As Citigroup's Hans Lorenzen showed yesterday, as a result of the global liquidity glut, which has pushed conventional assets to all time highs, a tangent has been a scramble for "alternatives" and resulted in the creation and dramatic rise of countless digital currencies such as Bitcoin and Ethereum. Citi effectively blamed the central banks for the cryptocoin phenomenon. 
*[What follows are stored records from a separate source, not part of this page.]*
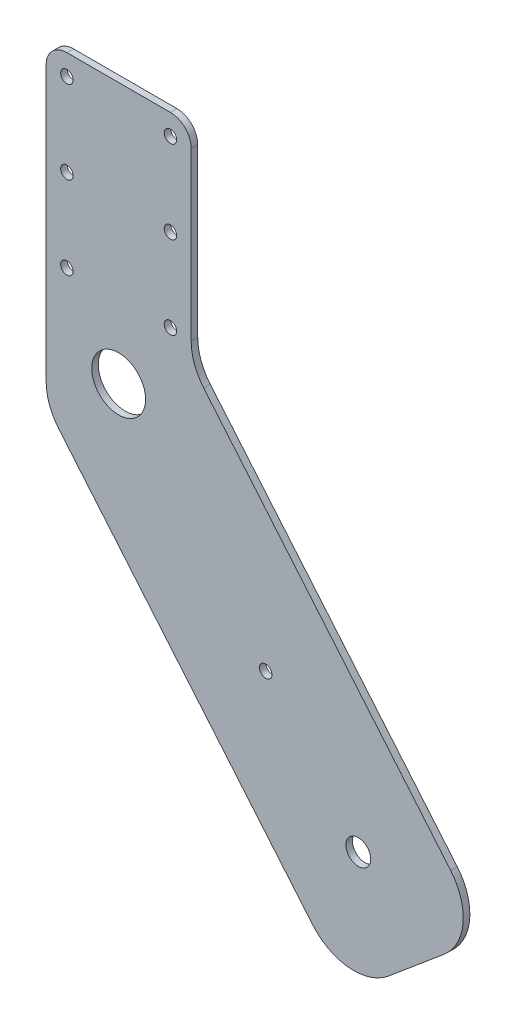
ISO-10303-21;
HEADER;
FILE_DESCRIPTION(('STEP AP214'),'2;1');
FILE_NAME('part.step','',(''),(''),'','','');
FILE_SCHEMA(('AUTOMOTIVE_DESIGN { 1 0 10303 214 1 1 1 1 }'));
ENDSEC;
DATA;
#1=APPLICATION_CONTEXT('core data for automotive mechanical design processes');
#2=APPLICATION_PROTOCOL_DEFINITION('international standard','automotive_design',2000,#1);
#3=PRODUCT_CONTEXT('',#1,'mechanical');
#4=PRODUCT('Part','Part','',(#3));
#5=PRODUCT_RELATED_PRODUCT_CATEGORY('part','',(#4));
#6=PRODUCT_DEFINITION_FORMATION('','',#4);
#7=PRODUCT_DEFINITION_CONTEXT('part definition',#1,'design');
#8=PRODUCT_DEFINITION('design','',#6,#7);
#9=PRODUCT_DEFINITION_SHAPE('','',#8);
#10=(LENGTH_UNIT() NAMED_UNIT(*) SI_UNIT(.MILLI.,.METRE.));
#11=(NAMED_UNIT(*) PLANE_ANGLE_UNIT() SI_UNIT($,.RADIAN.));
#12=(NAMED_UNIT(*) SI_UNIT($,.STERADIAN.) SOLID_ANGLE_UNIT());
#13=UNCERTAINTY_MEASURE_WITH_UNIT(LENGTH_MEASURE(1.E-05),#10,'distance_accuracy_value','');
#14=(GEOMETRIC_REPRESENTATION_CONTEXT(3) GLOBAL_UNCERTAINTY_ASSIGNED_CONTEXT((#13)) GLOBAL_UNIT_ASSIGNED_CONTEXT((#10,
#11,#12)) REPRESENTATION_CONTEXT('',''));
#15=CARTESIAN_POINT('',(0.,0.,0.));
#16=DIRECTION('',(0.,0.,1.));
#17=DIRECTION('',(1.,0.,0.));
#18=AXIS2_PLACEMENT_3D('',#15,#16,#17);
#19=CARTESIAN_POINT('',(0.,0.,1.5875));
#20=DIRECTION('',(0.,0.,1.));
#21=DIRECTION('',(1.,0.,0.));
#22=AXIS2_PLACEMENT_3D('',#19,#20,#21);
#23=PLANE('',#22);
#24=CARTESIAN_POINT('',(53.0049557524877,-55.3131585729256,1.5875));
#25=DIRECTION('',(0.,0.,1.));
#26=DIRECTION('',(1.,0.,0.));
#27=AXIS2_PLACEMENT_3D('',#24,#25,#26);
#28=CIRCLE('',#27,1.5);
#29=CARTESIAN_POINT('',(54.5049557524877,-55.3131585729256,1.5875));
#30=VERTEX_POINT('',#29);
#31=EDGE_CURVE('E500',#30,#30,#28,.T.);
#32=ORIENTED_EDGE('',*,*,#31,.F.);
#33=EDGE_LOOP('',(#32));
#34=FACE_BOUND('',#33,.T.);
#35=CARTESIAN_POINT('',(30.,25.,1.5875));
#36=DIRECTION('',(0.,0.,1.));
#37=DIRECTION('',(-1.,0.,0.));
#38=AXIS2_PLACEMENT_3D('',#35,#36,#37);
#39=CIRCLE('',#38,1.5);
#40=CARTESIAN_POINT('',(28.5,25.,1.5875));
#41=VERTEX_POINT('',#40);
#42=EDGE_CURVE('E488',#41,#41,#39,.T.);
#43=ORIENTED_EDGE('',*,*,#42,.F.);
#44=EDGE_LOOP('',(#43));
#45=FACE_BOUND('',#44,.T.);
#46=CARTESIAN_POINT('',(5.00000000000001,5.,1.5875));
#47=DIRECTION('',(0.,0.,1.));
#48=DIRECTION('',(1.,0.,0.));
#49=AXIS2_PLACEMENT_3D('',#46,#47,#48);
#50=CIRCLE('',#49,1.5);
#51=CARTESIAN_POINT('',(6.50000000000001,5.,1.5875));
#52=VERTEX_POINT('',#51);
#53=EDGE_CURVE('E476',#52,#52,#50,.T.);
#54=ORIENTED_EDGE('',*,*,#53,.F.);
#55=EDGE_LOOP('',(#54));
#56=FACE_BOUND('',#55,.T.);
#57=CARTESIAN_POINT('',(5.,45.,1.5875));
#58=DIRECTION('',(0.,0.,1.));
#59=DIRECTION('',(1.,0.,0.));
#60=AXIS2_PLACEMENT_3D('',#57,#58,#59);
#61=CIRCLE('',#60,1.5);
#62=CARTESIAN_POINT('',(6.5,45.,1.5875));
#63=VERTEX_POINT('',#62);
#64=EDGE_CURVE('E464',#63,#63,#61,.T.);
#65=ORIENTED_EDGE('',*,*,#64,.F.);
#66=EDGE_LOOP('',(#65));
#67=FACE_BOUND('',#66,.T.);
#68=DIRECTION('',(0.64278760968654,-0.766044443118977,0.));
#69=VECTOR('',#68,1.);
#70=CARTESIAN_POINT('',(0.,-26.,1.5875));
#71=LINE('',#70,#69);
#72=CARTESIAN_POINT('',(3.0414222394533,-29.6246258804644,1.5875));
#73=VERTEX_POINT('',#72);
#74=CARTESIAN_POINT('',(64.3123286807204,-102.644448753348,1.5875));
#75=VERTEX_POINT('',#74);
#76=EDGE_CURVE('E283',#73,#75,#71,.T.);
#77=ORIENTED_EDGE('',*,*,#76,.T.);
#78=CARTESIAN_POINT('',(74.2709064412671,-94.288209827423,1.5875));
#79=DIRECTION('',(0.,0.,1.));
#80=DIRECTION('',(1.,0.,0.));
#81=AXIS2_PLACEMENT_3D('',#78,#79,#80);
#82=CIRCLE('',#81,13.);
#83=CARTESIAN_POINT('',(82.6271453671922,-104.24678758797,1.5875));
#84=VERTEX_POINT('',#83);
#85=EDGE_CURVE('E188',#75,#84,#82,.T.);
#86=ORIENTED_EDGE('',*,*,#85,.T.);
#87=DIRECTION('',(0.766044443118977,0.64278760968654,0.));
#88=VECTOR('',#87,1.);
#89=CARTESIAN_POINT('',(72.6685676066454,-112.603026513895,1.5875));
#90=LINE('',#89,#88);
#91=CARTESIAN_POINT('',(96.0513337444287,-92.9825560717761,1.5875));
#92=VERTEX_POINT('',#91);
#93=EDGE_CURVE('E215',#84,#92,#90,.T.);
#94=ORIENTED_EDGE('',*,*,#93,.T.);
#95=CARTESIAN_POINT('',(87.6950948185036,-83.0239783112294,1.5875));
#96=DIRECTION('',(0.,0.,1.));
#97=DIRECTION('',(1.,0.,0.));
#98=AXIS2_PLACEMENT_3D('',#95,#96,#97);
#99=CIRCLE('',#98,13.);
#100=CARTESIAN_POINT('',(97.6536725790503,-74.6677393853044,1.5875));
#101=VERTEX_POINT('',#100);
#102=EDGE_CURVE('E54',#92,#101,#99,.T.);
#103=ORIENTED_EDGE('',*,*,#102,.T.);
#104=DIRECTION('',(-0.64278760968654,0.766044443118978,0.));
#105=VECTOR('',#104,1.);
#106=CARTESIAN_POINT('',(106.009911504975,-84.6263171458511,1.5875));
#107=LINE('',#106,#105);
#108=CARTESIAN_POINT('',(38.0414222394533,-3.62462588046436,1.5875));
#109=VERTEX_POINT('',#108);
#110=EDGE_CURVE('E210',#101,#109,#107,.T.);
#111=ORIENTED_EDGE('',*,*,#110,.T.);
#112=CARTESIAN_POINT('',(48.,4.73161304546064,1.5875));
#113=DIRECTION('',(0.,0.,1.));
#114=DIRECTION('',(1.,0.,0.));
#115=AXIS2_PLACEMENT_3D('',#112,#113,#114);
#116=CIRCLE('',#115,13.);
#117=CARTESIAN_POINT('',(35.,4.73161304546064,1.5875));
#118=VERTEX_POINT('',#117);
#119=EDGE_CURVE('E11',#109,#118,#116,.F.);
#120=ORIENTED_EDGE('',*,*,#119,.T.);
#121=DIRECTION('',(0.,1.,0.));
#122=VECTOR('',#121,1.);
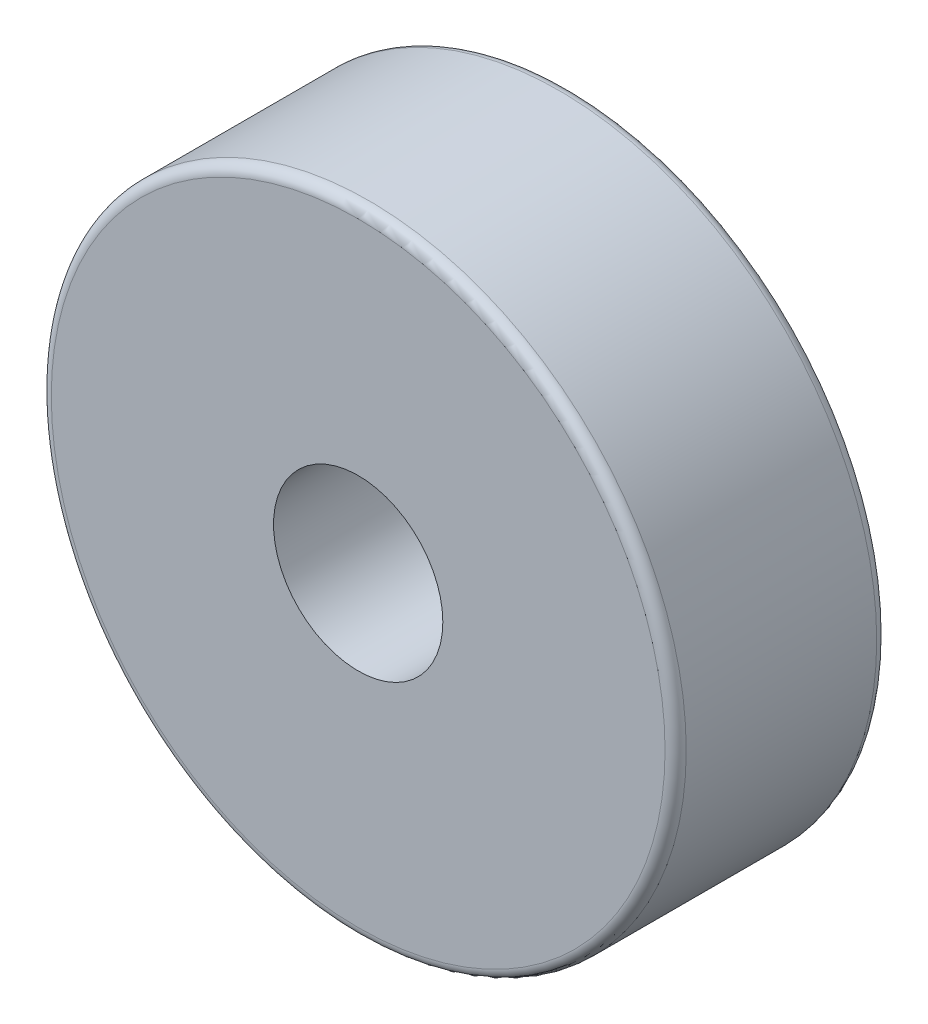
ISO-10303-21;
HEADER;
FILE_DESCRIPTION(('STEP AP214'),'2;1');
FILE_NAME('part.step','',(''),(''),'','','');
FILE_SCHEMA(('AUTOMOTIVE_DESIGN { 1 0 10303 214 1 1 1 1 }'));
ENDSEC;
DATA;
#1=APPLICATION_CONTEXT('core data for automotive mechanical design processes');
#2=APPLICATION_PROTOCOL_DEFINITION('international standard','automotive_design',2000,#1);
#3=PRODUCT_CONTEXT('',#1,'mechanical');
#4=PRODUCT('Part','Part','',(#3));
#5=PRODUCT_RELATED_PRODUCT_CATEGORY('part','',(#4));
#6=PRODUCT_DEFINITION_FORMATION('','',#4);
#7=PRODUCT_DEFINITION_CONTEXT('part definition',#1,'design');
#8=PRODUCT_DEFINITION('design','',#6,#7);
#9=PRODUCT_DEFINITION_SHAPE('','',#8);
#10=(LENGTH_UNIT() NAMED_UNIT(*) SI_UNIT(.MILLI.,.METRE.));
#11=(NAMED_UNIT(*) PLANE_ANGLE_UNIT() SI_UNIT($,.RADIAN.));
#12=(NAMED_UNIT(*) SI_UNIT($,.STERADIAN.) SOLID_ANGLE_UNIT());
#13=UNCERTAINTY_MEASURE_WITH_UNIT(LENGTH_MEASURE(1.E-05),#10,'distance_accuracy_value','');
#14=(GEOMETRIC_REPRESENTATION_CONTEXT(3) GLOBAL_UNCERTAINTY_ASSIGNED_CONTEXT((#13)) GLOBAL_UNIT_ASSIGNED_CONTEXT((#10,
#11,#12)) REPRESENTATION_CONTEXT('',''));
#15=CARTESIAN_POINT('',(0.,0.,0.));
#16=DIRECTION('',(0.,0.,1.));
#17=DIRECTION('',(1.,0.,0.));
#18=AXIS2_PLACEMENT_3D('',#15,#16,#17);
#19=CARTESIAN_POINT('',(0.,0.,10.));
#20=DIRECTION('',(0.,0.,1.));
#21=DIRECTION('',(1.,0.,0.));
#22=AXIS2_PLACEMENT_3D('',#19,#20,#21);
#23=PLANE('',#22);
#24=CARTESIAN_POINT('',(0.,0.,10.));
#25=DIRECTION('',(0.,0.,1.));
#26=DIRECTION('',(1.,0.,0.));
#27=AXIS2_PLACEMENT_3D('',#24,#25,#26);
#28=CIRCLE('',#27,14.5);
#29=CARTESIAN_POINT('',(14.5,0.,10.));
#30=VERTEX_POINT('',#29);
#31=EDGE_CURVE('E10',#30,#30,#28,.T.);
#32=ORIENTED_EDGE('',*,*,#31,.T.);
#33=EDGE_LOOP('',(#32));
#34=FACE_BOUND('',#33,.T.);
#35=CARTESIAN_POINT('',(0.,0.,10.));
#36=DIRECTION('',(0.,0.,1.));
#37=DIRECTION('',(1.,0.,0.));
#38=AXIS2_PLACEMENT_3D('',#35,#36,#37);
#39=CIRCLE('',#38,4.);
#40=CARTESIAN_POINT('',(4.,0.,10.));
#41=VERTEX_POINT('',#40);
#42=EDGE_CURVE('E63',#41,#41,#39,.T.);
#43=ORIENTED_EDGE('',*,*,#42,.F.);
#44=EDGE_LOOP('',(#43));
#45=FACE_BOUND('',#44,.T.);
#46=ADVANCED_FACE('F39',(#34,#45),#23,.T.);
#47=CARTESIAN_POINT('',(0.,0.,0.));
#48=DIRECTION('',(0.,0.,1.));
#49=DIRECTION('',(1.,0.,0.));
#50=AXIS2_PLACEMENT_3D('',#47,#48,#49);
#51=PLANE('',#50);
#52=CARTESIAN_POINT('',(0.,0.,0.));
#53=DIRECTION('',(0.,0.,1.));
#54=DIRECTION('',(1.,0.,0.));
#55=AXIS2_PLACEMENT_3D('',#52,#53,#54);
#56=CIRCLE('',#55,14.5);
#57=CARTESIAN_POINT('',(14.5,0.,0.));
#58=VERTEX_POINT('',#57);
#59=EDGE_CURVE('E47',#58,#58,#56,.F.);
#60=ORIENTED_EDGE('',*,*,#59,.T.);
#61=EDGE_LOOP('',(#60));
#62=FACE_BOUND('',#61,.T.);
#63=CARTESIAN_POINT('',(0.,0.,0.));
#64=DIRECTION('',(0.,0.,1.));
#65=DIRECTION('',(1.,0.,0.));
#66=AXIS2_PLACEMENT_3D('',#63,#64,#65);
#67=CIRCLE('',#66,4.);
#68=CARTESIAN_POINT('',(4.,0.,0.));
#69=VERTEX_POINT('',#68);
#70=EDGE_CURVE('E64',#69,#69,#67,.T.);
#71=ORIENTED_EDGE('',*,*,#70,.T.);
#72=EDGE_LOOP('',(#71));
#73=FACE_BOUND('',#72,.T.);
#74=ADVANCED_FACE('F76',(#62,#73),#51,.F.);
#75=CARTESIAN_POINT('',(0.,0.,10.));
#76=DIRECTION('',(0.,0.,-1.));
#77=DIRECTION('',(-1.,0.,0.));
#78=AXIS2_PLACEMENT_3D('',#75,#76,#77);
#79=CYLINDRICAL_SURFACE('',#78,15.);
#80=CARTESIAN_POINT('',(0.,0.,0.5));
#81=DIRECTION('',(0.,0.,1.));
#82=DIRECTION('',(1.,0.,0.));
#83=AXIS2_PLACEMENT_3D('',#80,#81,#82);
#84=CIRCLE('',#83,15.);
#85=CARTESIAN_POINT('',(15.,0.,0.5));
#86=VERTEX_POINT('',#85);
#87=EDGE_CURVE('E52',#86,#86,#84,.T.);
#88=ORIENTED_EDGE('',*,*,#87,.T.);
#89=EDGE_LOOP('',(#88));
#90=FACE_BOUND('',#89,.T.);
#91=CARTESIAN_POINT('',(0.,0.,9.5));
#92=DIRECTION('',(0.,0.,1.));
#93=DIRECTION('',(1.,0.,0.));
#94=AXIS2_PLACEMENT_3D('',#91,#92,#93);
#95=CIRCLE('',#94,15.);
#96=CARTESIAN_POINT('',(15.,0.,9.5));
#97=VERTEX_POINT('',#96);
#98=EDGE_CURVE('E57',#97,#97,#95,.F.);
#99=ORIENTED_EDGE('',*,*,#98,.T.);
#100=EDGE_LOOP('',(#99));
#101=FACE_BOUND('',#100,.T.);
#102=ADVANCED_FACE('F81',(#90,#101),#79,.T.);
#103=CARTESIAN_POINT('',(0.,0.,10.));
#104=DIRECTION('',(0.,0.,-1.));
#105=DIRECTION('',(-1.,0.,0.));
#106=AXIS2_PLACEMENT_3D('',#103,#104,#105);
#107=CYLINDRICAL_SURFACE('',#106,4.);
#108=ORIENTED_EDGE('',*,*,#42,.T.);
#109=EDGE_LOOP('',(#108));
#110=FACE_BOUND('',#109,.T.);
#111=ORIENTED_EDGE('',*,*,#70,.F.);
#112=EDGE_LOOP('',(#111));
#113=FACE_BOUND('',#112,.T.);
#114=ADVANCED_FACE('F72',(#110,#113),#107,.F.);
#115=CARTESIAN_POINT('',(0.,0.,0.5));
#116=DIRECTION('',(0.,0.,1.));
#117=DIRECTION('',(1.,0.,0.));
#118=AXIS2_PLACEMENT_3D('',#115,#116,#117);
#119=TOROIDAL_SURFACE('',#118,14.5,0.5);
#120=ORIENTED_EDGE('',*,*,#59,.F.);
#121=EDGE_LOOP('',(#120));
#122=FACE_BOUND('',#121,.T.);
#123=ORIENTED_EDGE('',*,*,#87,.F.);
#124=EDGE_LOOP('',(#123));
#125=FACE_BOUND('',#124,.T.);
#126=ADVANCED_FACE('F87',(#122,#125),#119,.T.);
#127=CARTESIAN_POINT('',(0.,0.,9.5));
#128=DIRECTION('',(0.,0.,1.));
#129=DIRECTION('',(1.,0.,0.));
#130=AXIS2_PLACEMENT_3D('',#127,#128,#129);
#131=TOROIDAL_SURFACE('',#130,14.5,0.5);
#132=ORIENTED_EDGE('',*,*,#98,.F.);
#133=EDGE_LOOP('',(#132));
#134=FACE_BOUND('',#133,.T.);
#135=ORIENTED_EDGE('',*,*,#31,.F.);
#136=EDGE_LOOP('',(#135));
#137=FACE_BOUND('',#136,.T.);
#138=ADVANCED_FACE('F41',(#134,#137),#131,.T.);
#139=CLOSED_SHELL('',(#46,#74,#102,#114,#126,#138));
#140=MANIFOLD_SOLID_BREP('B2',#139);
#141=ADVANCED_BREP_SHAPE_REPRESENTATION('',(#18,#140),#14);
#142=SHAPE_DEFINITION_REPRESENTATION(#9,#141);
ENDSEC;
END-ISO-10303-21;

Weidmann had a different take, and instead he focused on the consequences of this shift towards digitalisation which the Bundesbank president predicted, would be the main challenge faced by central banks. In an ironic twist, in order to challenge the "unofficial" digital currencies that have propagated in recent years, central banks have also been called on to create distinct official digital currencies, and allow citizens to bypass private sector lenders. As Weidmann explained, this will only make the next crisis worse: 
Allowing the public to hold claims on the central bank might make their liquid assets safer, because a central bank cannot become insolvent. This is an feature which will become relevant especially in times of crisis – when there will be a strong incentive for money holders to switch bank deposits into the official digital currency simply at the push of a button. But what might be a boon for savers in search of safety might be a bane for banks, as this makes a bank run potentially even easier. 
Essentially, Weidmann warned that digital currencies - whose flow can not be blocked by conventional means - make an instant bank run far more likely, and in creating the conditions for a run on bank deposits lenders would be short of liquidity and struggle to make loans. 
“My personal take on this is that central banks should strive to make existing payment systems more efficient and still faster than they already are – instant payment is the buzzword here,” the Bundesbank president said. “I am pretty confident that this will reduce most citizens’ interest in digital currencies.” - Zerohedge

And while there is still time for the game between centralized and decentralized money to be played out, one has to honestly ask if they thought that central banks and sovereign governments would really allow a private form of money to usurp their control and authority, and in the end either not try to ban it, or co-opt it with one of their own that they declare as legal tender.